Effondrement d’un bâtiment à Tbilissi
Deux personnes ont été tuées et une autre est dans un état critique à l’hôpital après qu’un bâtiment résidentiel s’est effondré à Tbilissi le 14 juillet, a confirmé le ministère géorgien des affaires internes.
Une enquête a été lancée en vertu de l’article 240 du Code pénal (violation des règles de sécurité pendant l’exploitation minière, la construction ou d’autres travaux), qui comporte une pénalité d’un travail correctif amende jusqu’à 2 ans, ou une peine d’emprisonnement pouvant aller jusqu’à 2 ans.
Un an plus tôt, les utilisateurs de médias sociaux avaient publié une vidéo montrant l’état du bâtiment maintenant transparence.
Le maire appelle l’effondrement un accident
Maire de Tbilissi Kakha Kaladze a décrit l’effondrement du bâtiment comme un accident. S’exprimant sur les lieux, il a déclaré que la structure avait été classée comme dangereuse de la cinquième catégorie et jugée au-delà de la réparation.
Cependant, certains résidents ont refusé l’offre de la ville de quitter temporairement le bâtiment pendant sa démolition et la construction d’un nouveau, malgré le bureau du maire s’engageant à couvrir les frais de location.

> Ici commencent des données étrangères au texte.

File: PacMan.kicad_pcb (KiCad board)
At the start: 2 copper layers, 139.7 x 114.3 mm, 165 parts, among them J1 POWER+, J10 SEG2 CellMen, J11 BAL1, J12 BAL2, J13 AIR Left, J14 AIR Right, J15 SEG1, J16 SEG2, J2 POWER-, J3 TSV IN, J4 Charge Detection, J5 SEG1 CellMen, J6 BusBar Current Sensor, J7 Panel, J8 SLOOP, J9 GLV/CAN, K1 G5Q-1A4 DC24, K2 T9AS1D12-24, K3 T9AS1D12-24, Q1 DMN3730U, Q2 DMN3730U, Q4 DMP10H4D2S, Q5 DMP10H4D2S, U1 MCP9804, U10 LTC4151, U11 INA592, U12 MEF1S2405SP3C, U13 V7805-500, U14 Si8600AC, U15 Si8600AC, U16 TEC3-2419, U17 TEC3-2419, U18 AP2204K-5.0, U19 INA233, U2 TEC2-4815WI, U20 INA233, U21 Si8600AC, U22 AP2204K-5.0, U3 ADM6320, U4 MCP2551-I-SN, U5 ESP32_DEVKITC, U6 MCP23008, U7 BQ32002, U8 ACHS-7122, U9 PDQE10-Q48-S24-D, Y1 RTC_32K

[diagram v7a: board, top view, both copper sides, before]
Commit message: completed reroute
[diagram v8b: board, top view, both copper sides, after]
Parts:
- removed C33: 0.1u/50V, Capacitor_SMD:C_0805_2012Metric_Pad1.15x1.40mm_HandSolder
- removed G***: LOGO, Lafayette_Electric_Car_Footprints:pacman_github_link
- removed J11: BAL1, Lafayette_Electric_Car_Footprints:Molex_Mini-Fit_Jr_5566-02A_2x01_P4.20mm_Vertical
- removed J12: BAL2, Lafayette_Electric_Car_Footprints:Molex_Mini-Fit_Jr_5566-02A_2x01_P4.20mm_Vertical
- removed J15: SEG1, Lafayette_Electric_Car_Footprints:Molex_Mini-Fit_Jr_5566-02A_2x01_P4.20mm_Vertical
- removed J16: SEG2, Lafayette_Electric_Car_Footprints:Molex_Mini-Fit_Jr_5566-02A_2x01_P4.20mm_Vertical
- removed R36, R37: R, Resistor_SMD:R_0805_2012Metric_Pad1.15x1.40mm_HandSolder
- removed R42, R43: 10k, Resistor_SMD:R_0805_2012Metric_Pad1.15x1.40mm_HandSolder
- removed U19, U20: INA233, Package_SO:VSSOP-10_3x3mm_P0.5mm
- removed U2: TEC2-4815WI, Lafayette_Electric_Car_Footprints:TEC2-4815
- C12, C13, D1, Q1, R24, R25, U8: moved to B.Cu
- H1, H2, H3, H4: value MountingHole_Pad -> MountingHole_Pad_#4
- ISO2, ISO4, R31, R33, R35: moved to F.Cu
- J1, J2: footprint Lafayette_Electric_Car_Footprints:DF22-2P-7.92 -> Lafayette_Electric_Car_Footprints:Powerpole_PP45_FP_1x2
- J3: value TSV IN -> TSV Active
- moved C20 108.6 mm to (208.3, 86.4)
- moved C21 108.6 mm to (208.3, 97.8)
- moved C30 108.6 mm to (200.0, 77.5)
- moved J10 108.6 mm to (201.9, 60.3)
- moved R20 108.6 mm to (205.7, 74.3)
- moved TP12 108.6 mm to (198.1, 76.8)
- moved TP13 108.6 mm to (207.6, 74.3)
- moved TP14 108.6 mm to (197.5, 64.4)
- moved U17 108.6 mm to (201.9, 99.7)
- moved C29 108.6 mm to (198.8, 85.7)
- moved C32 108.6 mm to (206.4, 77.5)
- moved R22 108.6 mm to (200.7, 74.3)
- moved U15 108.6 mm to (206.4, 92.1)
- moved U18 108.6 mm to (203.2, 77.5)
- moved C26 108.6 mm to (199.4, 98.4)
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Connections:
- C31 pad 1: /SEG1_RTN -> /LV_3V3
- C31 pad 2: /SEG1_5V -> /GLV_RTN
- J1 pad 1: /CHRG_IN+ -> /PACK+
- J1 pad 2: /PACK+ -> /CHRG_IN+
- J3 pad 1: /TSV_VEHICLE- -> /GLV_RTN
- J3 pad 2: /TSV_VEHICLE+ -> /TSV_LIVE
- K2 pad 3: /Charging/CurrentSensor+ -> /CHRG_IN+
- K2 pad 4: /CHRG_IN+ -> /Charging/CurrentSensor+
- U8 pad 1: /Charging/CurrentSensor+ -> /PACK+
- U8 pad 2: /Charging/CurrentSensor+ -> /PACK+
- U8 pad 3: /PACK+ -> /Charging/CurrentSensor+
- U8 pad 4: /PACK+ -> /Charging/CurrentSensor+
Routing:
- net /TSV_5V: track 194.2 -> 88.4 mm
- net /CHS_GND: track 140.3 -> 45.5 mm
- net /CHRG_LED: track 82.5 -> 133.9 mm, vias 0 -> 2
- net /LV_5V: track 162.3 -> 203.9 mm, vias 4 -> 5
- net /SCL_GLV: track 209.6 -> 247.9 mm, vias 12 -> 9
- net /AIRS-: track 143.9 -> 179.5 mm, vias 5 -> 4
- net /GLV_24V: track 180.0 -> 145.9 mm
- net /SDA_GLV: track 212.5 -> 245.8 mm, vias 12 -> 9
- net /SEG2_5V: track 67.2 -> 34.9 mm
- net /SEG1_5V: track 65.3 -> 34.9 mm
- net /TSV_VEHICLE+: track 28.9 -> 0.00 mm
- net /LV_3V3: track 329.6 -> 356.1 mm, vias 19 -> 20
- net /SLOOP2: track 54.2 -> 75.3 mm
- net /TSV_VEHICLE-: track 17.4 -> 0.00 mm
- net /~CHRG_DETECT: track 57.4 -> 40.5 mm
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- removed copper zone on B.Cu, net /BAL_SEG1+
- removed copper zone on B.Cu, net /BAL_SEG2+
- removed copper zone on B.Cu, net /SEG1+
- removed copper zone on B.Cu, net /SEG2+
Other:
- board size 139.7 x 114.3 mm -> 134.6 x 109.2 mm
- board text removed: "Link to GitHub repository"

« Une proposition a été faite garantissant la démolition du bâtiment et la construction d’un nouveau. La mise en œuvre de ce plan nécessitait un consentement à 100% des résidents, qui, malheureusement, ne pouvaient pas être sécurisés», A déclaré Kaladze.
Le lendemain, le maire a précisé que le bâtiment avait en fait été classé comme dangereux de troisième classe, une désignation moins sévère.
Union blâme l’hôtel de ville
L’Union indépendante des fonctionnaires «l’article 78 de la Constitution» a rappelé une décision adoptée il y a deux ans, ce qui permet à la municipalité de réaménager les bâtiments résidentiels délabrés sans le consentement unanime des propriétaires d’appartements.
« Même si l’hôtel de ville de Tbilissi et l’administration du district ont été informés de l’état détérioré du bâtiment, et son niveau de danger avait été déterminé, Kakha Kaladze repose désormais uniquement sur l’argument que le consentement à 100% manquait,»Dit le syndicat.
Selon le syndicat, la résolution du conseil municipal de Tbilissi n ° 21-1, adoptée le 27 janvier 2023, a permis un tel réaménagement sans consentement unanime pendant plus de deux ans.
Le syndicat a également demandé pourquoi un parking avait été installé devant le bâtiment qui s’effondre et pourquoi les permis de signalisation commerciaux avaient été délivrés ces dernières années:
« À quoi pensait la mairie? Pourquoi a-t-il permis aux entreprises de fonctionner à l’intérieur d’un bâtiment en décomposition, de mettre en place un parking devant lui et, après avoir refusé de le reconstruire, ne pas assurer la sécurité des résidents et des passants?«
Le médiateur lance une enquête
Le bureau du défenseur public a annoncé qu’il examinerait les questions liées à la sécurité résidentielle dans le bâtiment effondré.
Le bureau a noté qu’en dépit de l’existence d’une politique de remplacement des bâtiments résidentiels en décomposition à Tbilissi, de nombreuses familles ont dû vivre depuis des années dans des conditions dangereuses.
« Ces bâtiments de détérioration représentent un danger pour les résidents et les passants. Des années de recherche montrent que la résolution de ce problème systémique nécessite une action en temps opportun et efficace – quelque chose que des garanties légales actuelles et des programmes municipaux ne sont pas équipés pour livrer,», A déclaré le médiateur.